▶ [WHAT NEEDS TO BE DONE]:
Go through the listing beneath and show each line containing the string "mode".

------------------------------------------------

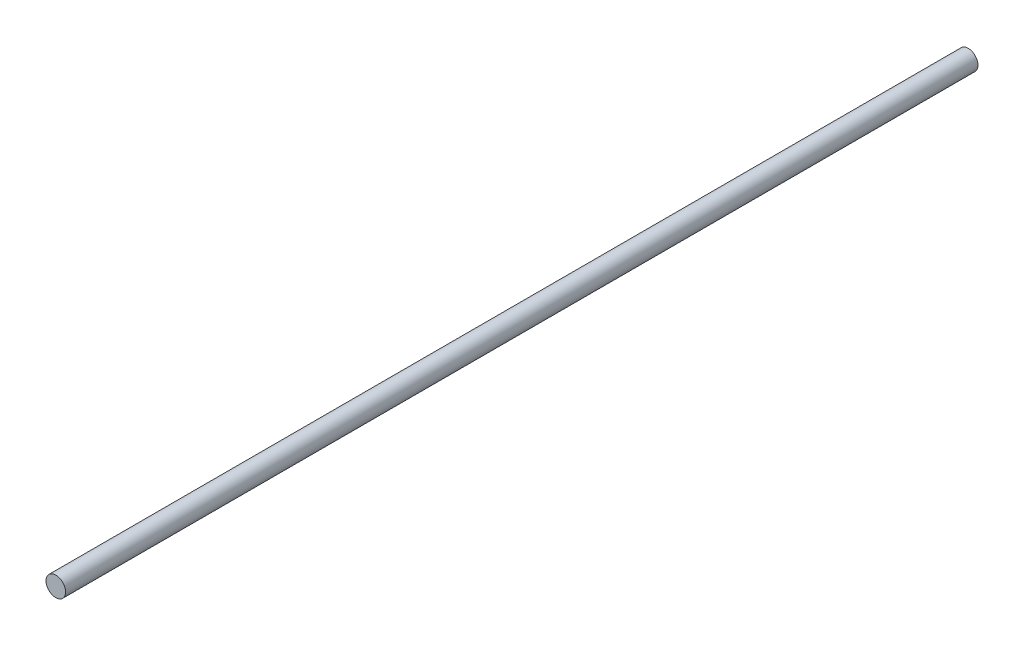
from build123d import *

# Parameters (mm, degrees)
ESBO_O1_R                = 4
RESSALTO_EXTRUS_O1_DEPTH = 373


with BuildPart() as part:
    # Esboço1 → Ressalto-extrusão1 (new body)
    with BuildSketch(Plane.XY):
        Circle(ESBO_O1_R)
    extrude(amount=RESSALTO_EXTRUS_O1_DEPTH)


solid = part.part
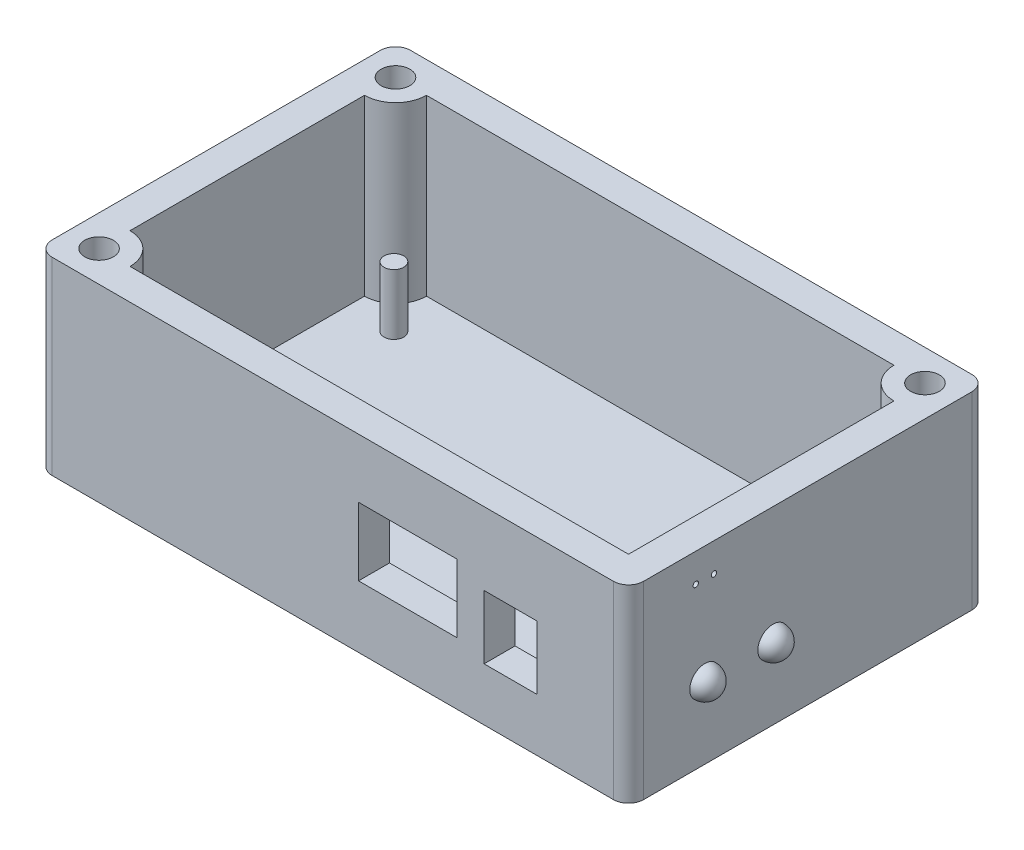
from build123d import *

# Parameters (mm, degrees)
SKETCH1_W           = 99.30160125
SKETCH1_H           = 60.173202502
BOSS_EXTRUDE1_DEPTH = 29.21
SKETCH1_23_W        = 99.30160125
SKETCH1_23_H        = 60.173202502
BOSS_EXTRUDE2_DEPTH = 2.54
CUT_EXTRUDE1_START  = 29.21
SKETCH1_25_R        = 2.413
CUT_EXTRUDE1_DEPTH  = 12.192
SKETCH1_28_R        = 1.651
BOSS_EXTRUDE5_DEPTH = 10.16
SKETCH6_W           = 8.89
SKETCH6_H           = 10.668
CUT_EXTRUDE2_DEPTH  = 10.16
SKETCH8_W           = 16.51
SKETCH8_H           = 11.43
CUT_EXTRUDE4_DEPTH  = 10.16
SKETCH10_R          = 2.032
CUT_EXTRUDE7_DEPTH  = 6.200800625
REVOLVE1_ANGLE      = 180
REVOLVE2_ANGLE      = 180
SKETCH13_R          = 0.45
CUT_EXTRUDE8_DEPTH  = 7.62
FILLET2_R           = 2.54


with BuildPart() as part:
    # Sketch1 → Boss-Extrude1 (new body)
    with BuildSketch(Plane(origin=(0, 0, 0), x_dir=(1, 0, 0), z_dir=(0, 1, 0))):
        Rectangle(SKETCH1_W, SKETCH1_H)
        with BuildLine():
            ThreePointArc((-44.45, 19.685), (-40.77247861, 21.208279236), (-39.249199375, 24.885800625))
            Line((-39.249199375, 24.885800625), (39.249199375, 24.885800625))
            ThreePointArc((39.249199375, 24.885800625), (40.77247861, 21.208279236), (44.45, 19.685))
            Line((44.45, 19.685), (44.45, -24.885800625))
            Line((44.45, -24.885800625), (-39.249199375, -24.885800625))
            ThreePointArc((-39.249199375, -24.885800625), (-40.77247861, -21.208279236), (-44.45, -19.685))
            Line((-44.45, -19.685), (-44.45, 19.685))
        make_face(mode=Mode.SUBTRACT)
    extrude(amount=BOSS_EXTRUDE1_DEPTH)

    # Sketch1_23 → Boss-Extrude2 (add)
    with BuildSketch(Plane(origin=(0, 0, 0), x_dir=(1, 0, 0), z_dir=(0, 1, 0))):
        Rectangle(SKETCH1_23_W, SKETCH1_23_H)
    extrude(amount=-BOSS_EXTRUDE2_DEPTH)

    # Sketch1_25 → Cut-Extrude1 (cut)
    with BuildSketch(Plane(origin=(0, 0, 0), x_dir=(1, 0, 0), z_dir=(0, 1, 0)).offset(CUT_EXTRUDE1_START)):
        with Locations((-44.45, 24.885800625)):
            Circle(SKETCH1_25_R)
        with Locations((44.45, 24.885800625)):
            Circle(SKETCH1_25_R)
        with Locations((-44.45, -24.885800625)):
            Circle(SKETCH1_25_R)
    extrude(amount=-CUT_EXTRUDE1_DEPTH, mode=Mode.SUBTRACT)

    # Sketch1_28 → Boss-Extrude5 (add)
    with BuildSketch(Plane(origin=(0, 0, 0), x_dir=(1, 0, 0), z_dir=(0, 1, 0))):
        with Locations((42.186757457, 17.024199375)):
            Circle(SKETCH1_28_R)
        with Locations((-36.852757457, -22.225)):
            Circle(SKETCH1_28_R)
        with Locations((-36.852757457, 17.024199375)):
            Circle(SKETCH1_28_R)
        with Locations((42.186757457, -22.225)):
            Circle(SKETCH1_28_R)
    extrude(amount=BOSS_EXTRUDE5_DEPTH)

    # Sketch6 → Cut-Extrude2 (cut)
    with BuildSketch(Plane(origin=(0, 0, 24.885800625), x_dir=(-1, 0, 0), z_dir=(0, 0, -1))):
        with Locations((-29.845, 11.684)):
            Rectangle(SKETCH6_W, SKETCH6_H)
    extrude(amount=-CUT_EXTRUDE2_DEPTH, mode=Mode.SUBTRACT)

    # Sketch8 → Cut-Extrude4 (cut)
    with BuildSketch(Plane.XY.offset(30.086601251)):
        with Locations((12.573, 13.589)):
            Rectangle(SKETCH8_W, SKETCH8_H)
    extrude(amount=-CUT_EXTRUDE4_DEPTH, mode=Mode.SUBTRACT)

    # Sketch10 → Cut-Extrude7 (cut, through all)
    with BuildSketch(Plane.ZY.offset(-44.45)):
        with Locations((17.265800625, 9.5758)):
            Circle(SKETCH10_R)
        with Locations((5.835800625, 9.5758)):
            Circle(SKETCH10_R)
    extrude(amount=-CUT_EXTRUDE7_DEPTH, mode=Mode.SUBTRACT)

    # Sketch12 → Revolve1 (revolve)
    with BuildSketch(Plane(origin=(49.650800625, 0, 0), x_dir=(0, 0, -1), z_dir=(1, 0, 0))):
        with BuildLine():
            Line((-17.265800625, 11.6078), (-17.265800625, 12.1158))
            ThreePointArc((-17.265800625, 12.1158), (-19.805800625, 9.5758), (-17.265800625, 7.0358))
            Line((-17.265800625, 7.0358), (-17.265800625, 7.5438))
            ThreePointArc((-17.265800625, 7.5438), (-19.297800625, 9.5758), (-17.265800625, 11.6078))
        make_face()
    revolve(axis=Axis((49.650800625, 12.1158, 17.265800625), (0, 1, 0)), revolution_arc=REVOLVE1_ANGLE)

    # Sketch12_4 → Revolve2 (revolve)
    with BuildSketch(Plane(origin=(49.650800625, 0, 0), x_dir=(0, 0, -1), z_dir=(1, 0, 0))):
        with BuildLine():
            ThreePointArc((-5.835800625, 7.0358), (-3.295800625, 9.5758), (-5.835800625, 12.1158))
            Line((-5.835800625, 12.1158), (-5.835800625, 11.6078))
            ThreePointArc((-5.835800625, 11.6078), (-3.803800625, 9.5758), (-5.835800625, 7.5438))
            Line((-5.835800625, 7.5438), (-5.835800625, 7.0358))
        make_face()
    revolve(axis=Axis((49.650800625, 12.1158, 5.835800625), (0, -1, 0)), revolution_arc=REVOLVE2_ANGLE)

    # Sketch13 → Cut-Extrude8 (cut)
    with BuildSketch(Plane(origin=(49.650800625, 0, 0), x_dir=(0, 0, -1), z_dir=(1, 0, 0))):
        with Locations((-18.789800625, 24.384)):
            Circle(SKETCH13_R)
        with Locations((-15.741800625, 24.384)):
            Circle(SKETCH13_R)
    extrude(amount=-CUT_EXTRUDE8_DEPTH, mode=Mode.SUBTRACT)

    # Fillet2
    fillet2_edges = [part.edges().sort_by_distance(p)[0] for p in [
        (-49.650800625, 13.335, -30.086601251),
        (49.650800625, 13.335, -30.086601251),
        (49.650800625, 13.335, 30.086601251),
        (-49.650800625, 13.335, 30.086601251),
    ]]
    fillet(fillet2_edges, radius=FILLET2_R)


solid = part.part
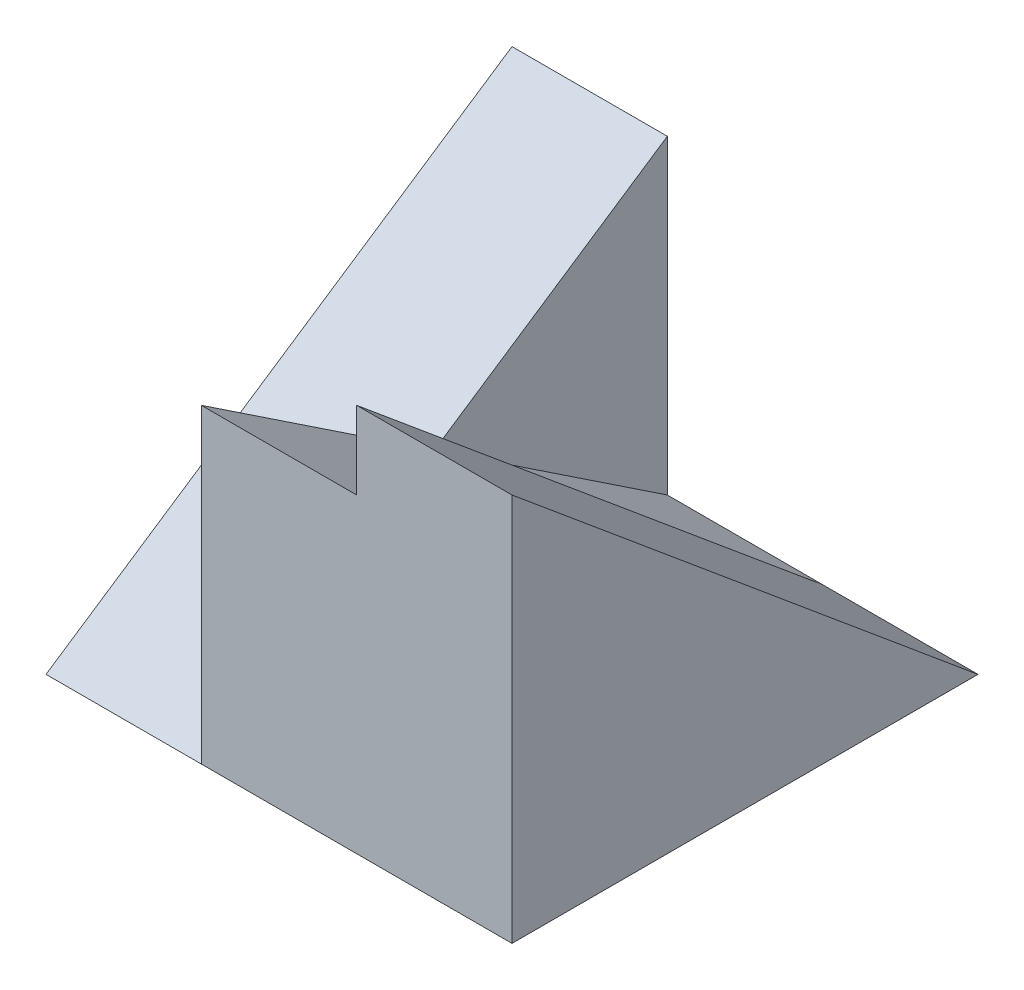
from build123d import *

# Parameters (mm, degrees)
SKETCH1_W           = 6
SKETCH1_H           = 6
BOSS_EXTRUDE1_DEPTH = 5
CUT_EXTRUDE1_DEPTH  = 2
CUT_EXTRUDE2_DEPTH  = 2
CUT_EXTRUDE3_DEPTH  = 2


with BuildPart() as part:
    # Sketch1 → Boss-Extrude1 (new body)
    with BuildSketch(Plane(origin=(0, 0, 0), x_dir=(1, 0, 0), z_dir=(0, 1, 0))):
        Rectangle(SKETCH1_W, SKETCH1_H)
    extrude(amount=BOSS_EXTRUDE1_DEPTH)

    # Sketch2 → Cut-Extrude1 (cut)
    with BuildSketch(Plane.ZY.offset(3)):
        Polygon((3, 5), (-3, 5), (-3, 4), (3, 0), align=None)
    extrude(amount=-CUT_EXTRUDE1_DEPTH, mode=Mode.SUBTRACT)

    # Sketch3 → Cut-Extrude2 (cut)
    with BuildSketch(Plane.ZY.offset(1)):
        Polygon((-3, 0), (3, 4), (3, 5), (-3, 5), align=None)
    extrude(amount=-CUT_EXTRUDE2_DEPTH, mode=Mode.SUBTRACT)

    # Sketch4 → Cut-Extrude3 (cut)
    with BuildSketch(Plane.ZY.offset(-1)):
        Polygon((-3, 0), (3, 5), (-3, 5), align=None)
    extrude(amount=-CUT_EXTRUDE3_DEPTH, mode=Mode.SUBTRACT)


solid = part.part

------------------------------------------------

▶ [ANSWER SECTION]:
        make_face(mode=Mode.SUBTRACT)
    extrude(amount=-CUT_EXTRUDE1_DEPTH, mode=Mode.SUBTRACT)
    extrude(amount=-CUT_EXTRUDE2_DEPTH, mode=Mode.SUBTRACT)
    extrude(amount=-CUT_EXTRUDE4_DEPTH, mode=Mode.SUBTRACT)
    extrude(amount=-CUT_EXTRUDE7_DEPTH, mode=Mode.SUBTRACT)
    extrude(amount=-CUT_EXTRUDE8_DEPTH, mode=Mode.SUBTRACT)
    extrude(amount=-CUT_EXTRUDE1_DEPTH, mode=Mode.SUBTRACT)
    extrude(amount=-CUT_EXTRUDE2_DEPTH, mode=Mode.SUBTRACT)
    extrude(amount=-CUT_EXTRUDE3_DEPTH, mode=Mode.SUBTRACT)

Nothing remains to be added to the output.